Alert Thresholds: The Goldilocks Problem

Two failure modes of alerting are equally dangerous. Too sensitive: you alert on every minor distribution shift, your team develops alert fatigue, and when a real drift event occurs, nobody investigates because the alert channel is full of noise. Too lenient: you only alert on catastrophic drift, and by the time the alert fires, the model has been serving degraded predictions for weeks.

The calibration approach that works in practice:

  1. Start lenient. Set thresholds that would have caught the most severe drift event in your historical data. PSI > 0.25, KS p-value < 0.001, null rate > 10%.
  2. Track false negatives. Every time a model issue is discovered by someone other than the monitoring system, ask: which threshold would have caught this, and how much sooner?
  3. Tighten gradually.
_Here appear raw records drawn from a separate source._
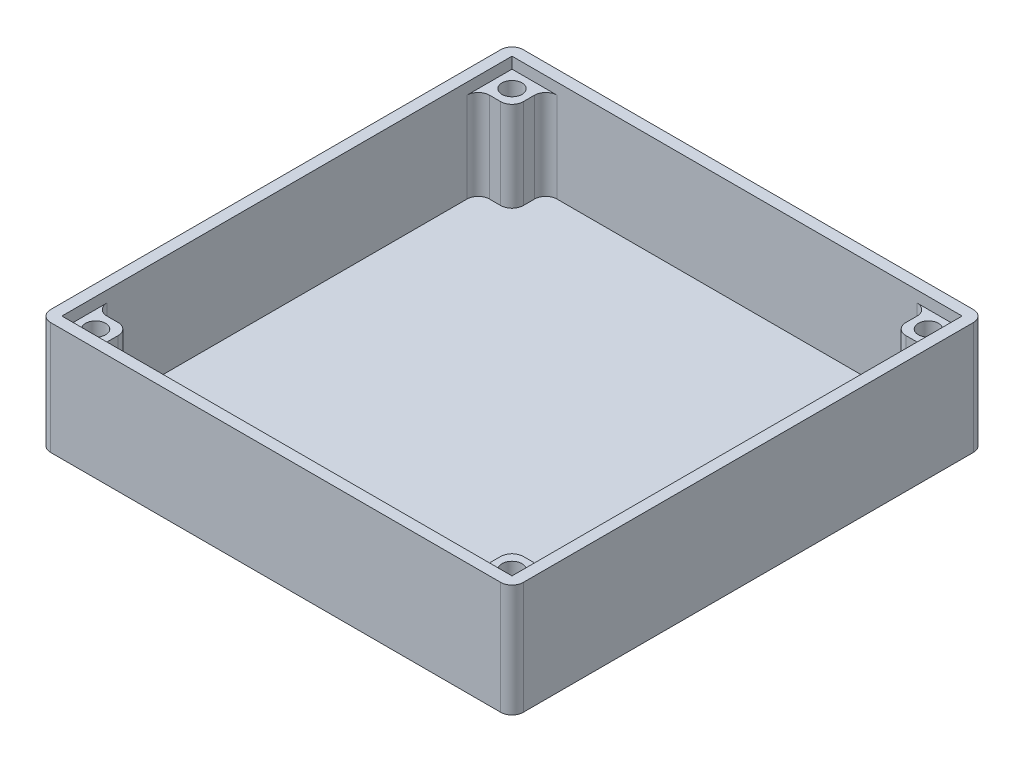
from build123d import *

# Parameters (mm, degrees)
SKETCH4_W                 = 53.34
SKETCH4_H                 = 53.34
BOSS_EXTRUDE1_DEPTH       = 12.7
CUT_EXTRUDE1_DEPTH        = 11.43
F_4_40_TAPPED_HOLE1_D     = 2.2606
F_4_40_TAPPED_HOLE1_DEPTH = 11.43
SKETCH5_W                 = 50.8
SKETCH5_H                 = 50.8
CUT_EXTRUDE2_DEPTH        = 1.27
FILLET1_R                 = 1.27


with BuildPart() as part:
    # Sketch4 → Boss-Extrude1 (new body)
    with BuildSketch(Plane(origin=(0, 0, 0), x_dir=(1, 0, 0), z_dir=(0, 1, 0))):
        with Locations((25.4, 25.4)):
            Rectangle(SKETCH4_W, SKETCH4_H)
    extrude(amount=-BOSS_EXTRUDE1_DEPTH)

    # Sketch3 → Cut-Extrude1 (cut)
    with BuildSketch(Plane(origin=(0, 0, 0), x_dir=(1, 0, 0), z_dir=(0, 1, 0))):
        with BuildLine():
            Line((5.08, 0), (45.72, 0))
            ThreePointArc((45.72, 0), (46.618025612, 0.371974388), (46.99, 1.27))
            Line((46.99, 1.27), (46.99, 2.54))
            ThreePointArc((46.99, 2.54), (47.361974388, 3.438025612), (48.26, 3.81))
            Line((48.26, 3.81), (49.53, 3.81))
            ThreePointArc((49.53, 3.81), (50.428025612, 4.181974388), (50.8, 5.08))
            Line((50.8, 5.08), (50.8, 45.72))
            ThreePointArc((50.8, 45.72), (50.428025612, 46.618025612), (49.53, 46.99))
            Line((49.53, 46.99), (48.26, 46.99))
            ThreePointArc((48.26, 46.99), (47.361974388, 47.361974388), (46.99, 48.26))
            Line((46.99, 48.26), (46.99, 49.53))
            ThreePointArc((46.99, 49.53), (46.618025612, 50.428025612), (45.72, 50.8))
            Line((45.72, 50.8), (5.08, 50.8))
            ThreePointArc((5.08, 50.8), (4.181974388, 50.428025612), (3.81, 49.53))
            Line((3.81, 49.53), (3.81, 48.26))
            ThreePointArc((3.81, 48.26), (3.438025612, 47.361974388), (2.54, 46.99))
            Line((2.54, 46.99), (1.27, 46.99))
            ThreePointArc((1.27, 46.99), (0.371974388, 46.618025612), (0, 45.72))
            Line((0, 45.72), (0, 5.08))
            ThreePointArc((0, 5.08), (0.371974388, 4.181974388), (1.27, 3.81))
            Line((1.27, 3.81), (2.54, 3.81))
            ThreePointArc((2.54, 3.81), (3.438025612, 3.438025612), (3.81, 2.54))
            Line((3.81, 2.54), (3.81, 1.27))
            ThreePointArc((3.81, 1.27), (4.181974388, 0.371974388), (5.08, 0))
        make_face()
    extrude(amount=-CUT_EXTRUDE1_DEPTH, mode=Mode.SUBTRACT)

    # #4-40 Tapped Hole1
    with Locations(Plane(origin=(0, 0, 0), x_dir=(1, 0, 0), z_dir=(0, 1, 0))):
        with Locations((1.905, 48.895), (48.895, 48.895), (1.905, 1.905), (48.895, 1.905)):
            Hole(F_4_40_TAPPED_HOLE1_D / 2, depth=F_4_40_TAPPED_HOLE1_DEPTH)

    # Sketch5 → Cut-Extrude2 (cut)
    with BuildSketch(Plane(origin=(0, 0, 0), x_dir=(1, 0, 0), z_dir=(0, 1, 0))):
        with Locations((25.4, 25.4)):
            Rectangle(SKETCH5_W, SKETCH5_H)
    extrude(amount=-CUT_EXTRUDE2_DEPTH, mode=Mode.SUBTRACT)

    # Fillet1
    fillet1_edges = [part.edges().sort_by_distance(p)[0] for p in [
        (-1.27, -6.35, -52.07),
        (52.07, -6.35, -52.07),
        (52.07, -6.35, 1.27),
        (-1.27, -6.35, 1.27),
    ]]
    fillet(fillet1_edges, radius=FILLET1_R)


solid = part.part
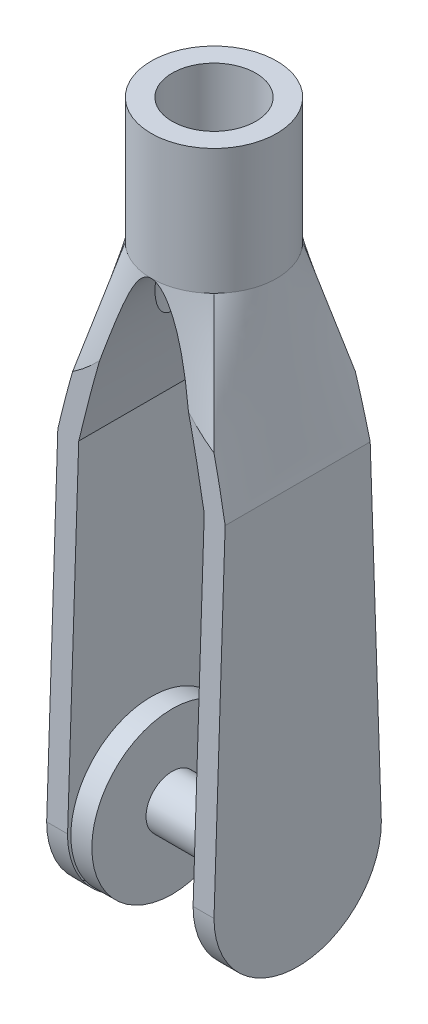
from build123d import *

# Parameters (mm, degrees)
SKETCH6_W               = 4
SKETCH6_H               = 4
SKETCH8_R               = 1.5
BOSS_EXTRUDE4_DEPTH     = 3
SKETCH9_W               = 4
SKETCH9_H               = 4
BOSS_EXTRUDE5_DEPTH     = 10
CUT_EXTRUDE1_DEPTH      = 11.954451205
CUT_EXTRUDE1_DEPTH_BACK = 11.954451205
CUT_EXTRUDE_THIN1_DEPTH = 10
SKETCH12_R              = 0.625
CUT_EXTRUDE2_DEPTH      = 11.954451205
CUT_EXTRUDE2_DEPTH_BACK = 11.954451205
SKETCH13_R              = 1
CUT_EXTRUDE3_DEPTH      = 18.233687963
CUT_EXTRUDE3_DEPTH_BACK = 18.233687963
SKETCH14_R              = 1.920216589
BOSS_EXTRUDE6_DEPTH     = 0.5
SKETCH15_R              = 0.625
BOSS_EXTRUDE7_DEPTH     = 3


with BuildPart() as part:
    # Sketch7 for Loft1 → Loft1 section 0
    with BuildSketch(Plane(origin=(0, 4, 0), x_dir=(1, 0, 0), z_dir=(0, 1, 0))):
        with BuildLine():
            # circular arc as an exact rational Bezier (weights 1, cos(half-angle), 1)
            Bezier((-1.060660172, -1.060660172), (0, -2.121320343), (1.060660172, -1.060660172), weights=[1, 0.707106782, 1])
            Bezier((1.060660172, -1.060660172), (2.121320343, 0), (1.060660172, 1.060660172), weights=[1, 0.707106782, 1])
            Bezier((1.060660172, 1.060660172), (0, 2.121320343), (-1.060660172, 1.060660172), weights=[1, 0.707106782, 1])
            Bezier((-1.060660172, 1.060660172), (-2.121320343, 0), (-1.060660172, -1.060660172), weights=[1, 0.707106782, 1])
        make_face()
    # Sketch6 → Loft1 section 1
    with BuildSketch(Plane(origin=(0, 0, 0), x_dir=(1, 0, 0), z_dir=(0, 1, 0))):
        Rectangle(SKETCH6_W, SKETCH6_H)
    loft()

    # Sketch8 → Boss-Extrude4 (add)
    with BuildSketch(Plane(origin=(0, 4, 0), x_dir=(1, 0, 0), z_dir=(0, 1, 0))):
        with Locations(Location((0, 0, 0), (0, 0, 45))):
            Circle(SKETCH8_R)
    extrude(amount=BOSS_EXTRUDE4_DEPTH)

    # Sketch9 → Boss-Extrude5 (add)
    with BuildSketch(Plane.XZ):
        Rectangle(SKETCH9_W, SKETCH9_H)
    extrude(amount=BOSS_EXTRUDE5_DEPTH)

    # Sketch10 → Cut-Extrude1 (cut, two sides)
    with BuildSketch(Plane(origin=(0, 0, -2), x_dir=(-1, 0, 0), z_dir=(0, 0, -1))) as cut_extrude1_sk:
        with BuildLine():
            Line((-1.5, -10), (-1.5, 0))
            add(Edge.make_bspline(
                [(-1.5, 0), (0, 7), (1.5, 0)],
                knots=[0, 0, 0, 1, 1, 1], degree=2, weights=[1, 1.333333333, 1]))
            Line((1.5, 0), (1.5, -10))
            Line((1.5, -10), (-1.5, -10))
        make_face()
    extrude(amount=CUT_EXTRUDE1_DEPTH, mode=Mode.SUBTRACT)
    extrude(cut_extrude1_sk.sketch, amount=-CUT_EXTRUDE1_DEPTH_BACK, mode=Mode.SUBTRACT)

    # Sketch11 → Cut-Extrude-Thin1 (cut)
    with BuildSketch(Plane(origin=(2, 0, 0), x_dir=(0, 0, -1), z_dir=(1, 0, 0))):
        with BuildLine():
            Line((11.997667212, -7.763395965), (11.17222068, 17))
            Line((11.17222068, 17), (-11.17222068, 17))
            Line((-11.17222068, 17), (-11.997667212, -7.763395965))
            ThreePointArc((-11.997667212, -7.763395965), (0, -20), (11.997667212, -7.763395965))
        make_face()
        with BuildLine():
            Line((2, -8), (1.5, 7))
            Line((1.5, 7), (-1.5, 7))
            Line((-1.5, 7), (-2, -8))
            ThreePointArc((-2, -8), (0, -10), (2, -8))
        make_face(mode=Mode.SUBTRACT)
    extrude(amount=-CUT_EXTRUDE_THIN1_DEPTH, mode=Mode.SUBTRACT)

    # Sketch12 → Cut-Extrude2 (cut, two sides)
    with BuildSketch(Plane(origin=(2, 0, 0), x_dir=(0, 0, -1), z_dir=(1, 0, 0))) as cut_extrude2_sk:
        with Locations((0, -8.079783411)):
            Circle(SKETCH12_R)
    extrude(amount=CUT_EXTRUDE2_DEPTH, mode=Mode.SUBTRACT)
    extrude(cut_extrude2_sk.sketch, amount=-CUT_EXTRUDE2_DEPTH_BACK, mode=Mode.SUBTRACT)

    # Sketch13 → Cut-Extrude3 (cut, two sides)
    with BuildSketch(Plane(origin=(0, 7, 0), x_dir=(1, 0, 0), z_dir=(0, 1, 0))) as cut_extrude3_sk:
        with Locations(Location((0, 0, 0), (0, 0, 270))):
            Circle(SKETCH13_R)
    extrude(amount=CUT_EXTRUDE3_DEPTH, mode=Mode.SUBTRACT)
    extrude(cut_extrude3_sk.sketch, amount=-CUT_EXTRUDE3_DEPTH_BACK, mode=Mode.SUBTRACT)

    # Sketch14 → Boss-Extrude6 (add)
    with BuildSketch(Plane(origin=(-1.5, 0, 0), x_dir=(0, 0, -1), z_dir=(1, 0, 0))):
        with Locations(Location((0, -8.079783411, 0), (0, 0, 269.997072333))):
            Circle(SKETCH14_R)
    extrude(amount=BOSS_EXTRUDE6_DEPTH)

    # Sketch15 → Boss-Extrude7 (add)
    with BuildSketch(Plane(origin=(-1, 0, 0), x_dir=(0, 0, -1), z_dir=(1, 0, 0))):
        with Locations((0, -8.079783411)):
            Circle(SKETCH15_R)
    extrude(amount=BOSS_EXTRUDE7_DEPTH)


solid = part.part
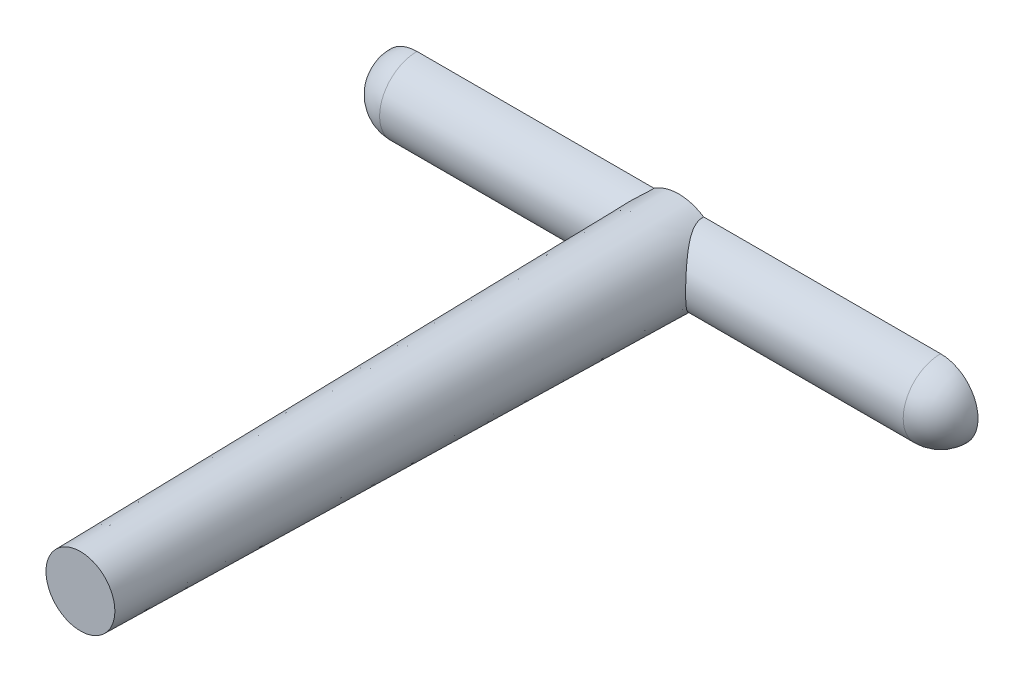
from build123d import *

# Parameters (mm, degrees)
REVOLVE1_ANGLE = 180
SKETCH2_R      = 3
EXTRUDE1_DEPTH = 40
EXTRUDE1_TAPER = 1


with BuildPart() as part:
    # Sketch1 → Revolve1 (revolve)
    with BuildSketch(Plane.XY):
        with BuildLine():
            Line((-20, 0), (20, 0))
            ThreePointArc((20, 0), (19.267766953, 1.767766953), (17.5, 2.5))
            Line((17.5, 2.5), (-17.5, 2.5))
            ThreePointArc((-17.5, 2.5), (-19.267766953, 1.767766953), (-20, 0))
        make_face()
    revolve(axis=Axis((-20, 0, 0), (1, 0, 0)), revolution_arc=REVOLVE1_ANGLE)

    # Sketch2 → Extrude1 (add)
    with BuildSketch(Plane(origin=(0, 0, 0), x_dir=(-1, 0, 0), z_dir=(0, 0, -1))):
        Circle(SKETCH2_R)
    extrude(amount=-EXTRUDE1_DEPTH, taper=EXTRUDE1_TAPER)


solid = part.part
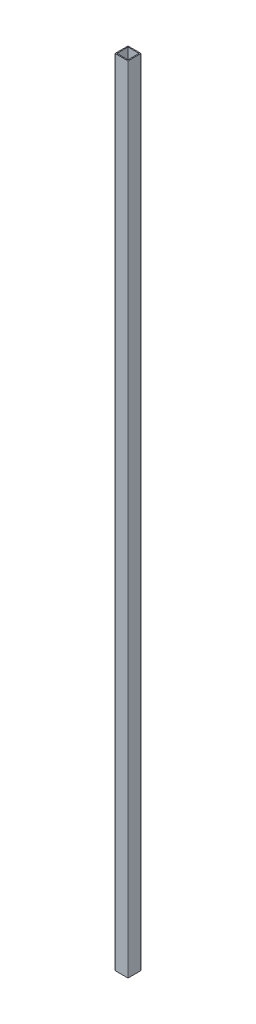
from build123d import *

# Parameters (mm, degrees)
SKETCH1_W           = 17
SKETCH1_H           = 17
BOSS_EXTRUDE1_DEPTH = 1220


with BuildPart() as part:
    # Sketch1 → Boss-Extrude1 (new body)
    with BuildSketch(Plane(origin=(0, 0, 0), x_dir=(1, 0, 0), z_dir=(0, 1, 0))):
        with BuildLine():
            Line((0.5, 0), (19.5, 0))
            ThreePointArc((19.5, 0), (19.853553391, 0.146446609), (20, 0.5))
            Line((20, 0.5), (20, 19.5))
            ThreePointArc((20, 19.5), (19.853553391, 19.853553391), (19.5, 20))
            Line((19.5, 20), (0.5, 20))
            ThreePointArc((0.5, 20), (0.146446609, 19.853553391), (0, 19.5))
            Line((0, 19.5), (0, 0.5))
            ThreePointArc((0, 0.5), (0.146446609, 0.146446609), (0.5, 0))
        make_face()
        with Locations((10, 10)):
            Rectangle(SKETCH1_W, SKETCH1_H, mode=Mode.SUBTRACT)
    extrude(amount=BOSS_EXTRUDE1_DEPTH)


solid = part.part
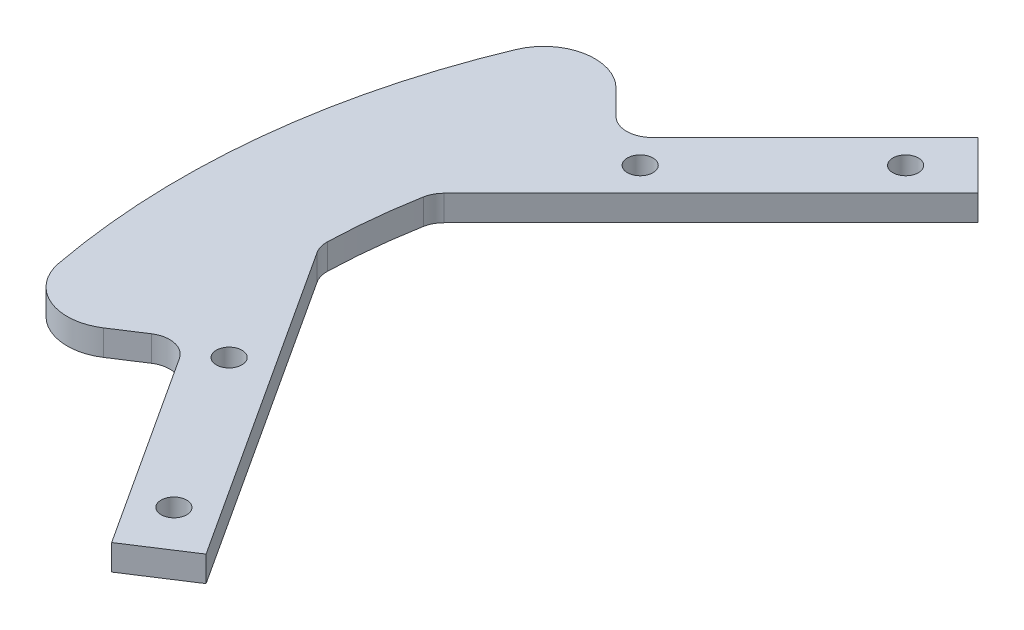
from build123d import *

# Parameters (mm, degrees)
SKETCH1_R           = 1.5
BOSS_EXTRUDE1_DEPTH = 3
FILLET1_R           = 6
FILLET2_R           = 3


with BuildPart() as part:
    # Sketch1 → Boss-Extrude1 (new body)
    with BuildSketch(Plane(origin=(0, 0, 0), x_dir=(1, 0, 0), z_dir=(0, 1, 0))):
        with BuildLine():
            Line((-74.629040009, 40.687914512), (-63.639610307, 29.69848481))
            Line((-63.639610307, 29.69848481), (-42.426406871, 50.911688245))
            Line((-42.426406871, 50.911688245), (-36.769552622, 45.254833996))
            Line((-36.769552622, 45.254833996), (-68.72500623, 13.299380388))
            ThreePointArc((-68.72500623, 13.299380388), (-69.616532676, 7.316992429), (-69.988296617, 1.279975229))
            Line((-69.988296617, 1.279975229), (-45.375058731, -36.621087439))
            Line((-45.375058731, -36.621087439), (-52.084423274, -40.978199719))
            Line((-52.084423274, -40.978199719), (-68.423594325, -15.81808268))
            Line((-68.423594325, -15.81808268), (-81.457709532, -24.282536066))
            ThreePointArc((-81.457709532, -24.282536066), (-84.534361106, 8.884919378), (-74.629040009, 40.687914512))
        make_face()
        with Locations((-43.840620434, 43.840620434)):
            Circle(SKETCH1_R, mode=Mode.SUBTRACT)
        with Locations((-59.39696962, 28.284271247)):
            Circle(SKETCH1_R, mode=Mode.SUBTRACT)
        with Locations((-51.997575213, -33.767620171)):
            Circle(SKETCH1_R, mode=Mode.SUBTRACT)
        with Locations((-63.979633983, -15.316867676)):
            Circle(SKETCH1_R, mode=Mode.SUBTRACT)
    extrude(amount=BOSS_EXTRUDE1_DEPTH)

    # Fillet1
    fillet1_edges = [part.edges().sort_by_distance(p)[0] for p in [
        (-74.629040009, 1.5, -40.687914512),
        (-81.457709532, 1.5, 24.282536066),
    ]]
    fillet(fillet1_edges, radius=FILLET1_R)

    # Fillet2
    fillet2_edges = [part.edges().sort_by_distance(p)[0] for p in [
        (-63.639610307, 1.5, -29.69848481),
        (-68.72500623, 1.5, -13.299380388),
        (-69.988296617, 1.5, -1.279975229),
        (-68.423594325, 1.5, 15.81808268),
    ]]
    fillet(fillet2_edges, radius=FILLET2_R)


solid = part.part
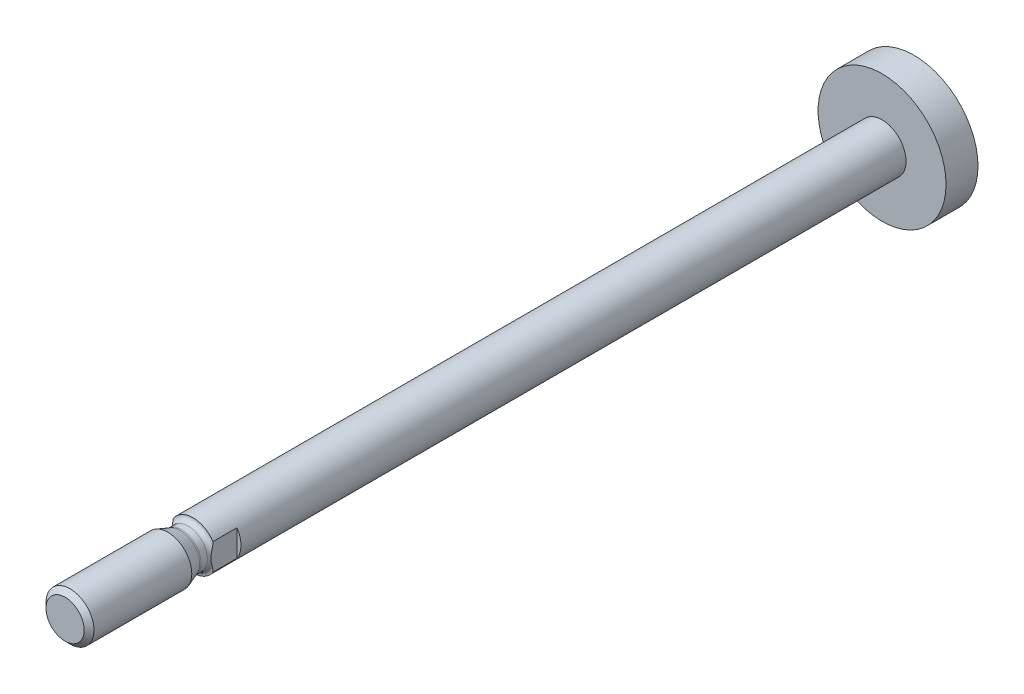
from build123d import *

# Parameters (mm, degrees)
CUT_EXTRUDE1_DEPTH = 4


with BuildPart() as part:
    # Sketch1 → Revolve1 (revolve)
    with BuildSketch(Plane(origin=(0, 0, 0), x_dir=(0, 0, -1), z_dir=(1, 0, 0))):
        Polygon((-5, 0), (-5, 3), (81.2, 3), (81.2, 8), (85.2, 8), (85.2, 0), align=None)
    revolve(axis=Axis((0, 0, -85.2), (0, 0, 1)))

    # Sketch2 → Revolve2 (revolve)
    with BuildSketch(Plane(origin=(0, 0, 0), x_dir=(0, 0, -1), z_dir=(1, 0, 0))):
        with BuildLine():
            Line((-21, 0), (-21, 2.3865))
            Line((-21, 2.3865), (-20.3865, 3))
            Line((-20.3865, 3), (-8.148486452, 3))
            Line((-8.148486452, 3), (-6.599415898, 2.436184428))
            ThreePointArc((-6.599415898, 2.436184428), (-6.498392718, 2.409115348), (-6.394203812, 2.4))
            Line((-6.394203812, 2.4), (-5.6, 2.4))
            ThreePointArc((-5.6, 2.4), (-5.175735931, 2.575735931), (-5, 3))
            Line((-5, 3), (-4, 3))
            Line((-4, 3), (-4, 0))
            Line((-4, 0), (-21, 0))
        make_face()
    revolve(axis=Axis((0, 0, 4), (0, 0, 1)))

    # Sketch3 → Cut-Extrude1 (cut)
    with BuildSketch(Plane.XY.offset(2)):
        Polygon((-5, 10), (-5, -5), (-2.5, -5), (-2.5, 5), (2.5, 5), (2.5, -5), (5, -5), (5, 10), align=None)
    extrude(amount=CUT_EXTRUDE1_DEPTH, mode=Mode.SUBTRACT)


solid = part.part

Lower thresholds until the monitoring system catches issues before humans do, then stop.
  4. Window size matters. Compare weekly production windows against the training baseline, not individual batches. Daily windows are noisy. Hourly windows are chaos.

Drift Detection Pipeline

The goal is not zero drift. The goal is catching drift that matters — drift that degrades predictions enough to affect the business metric you care about — before the business notices.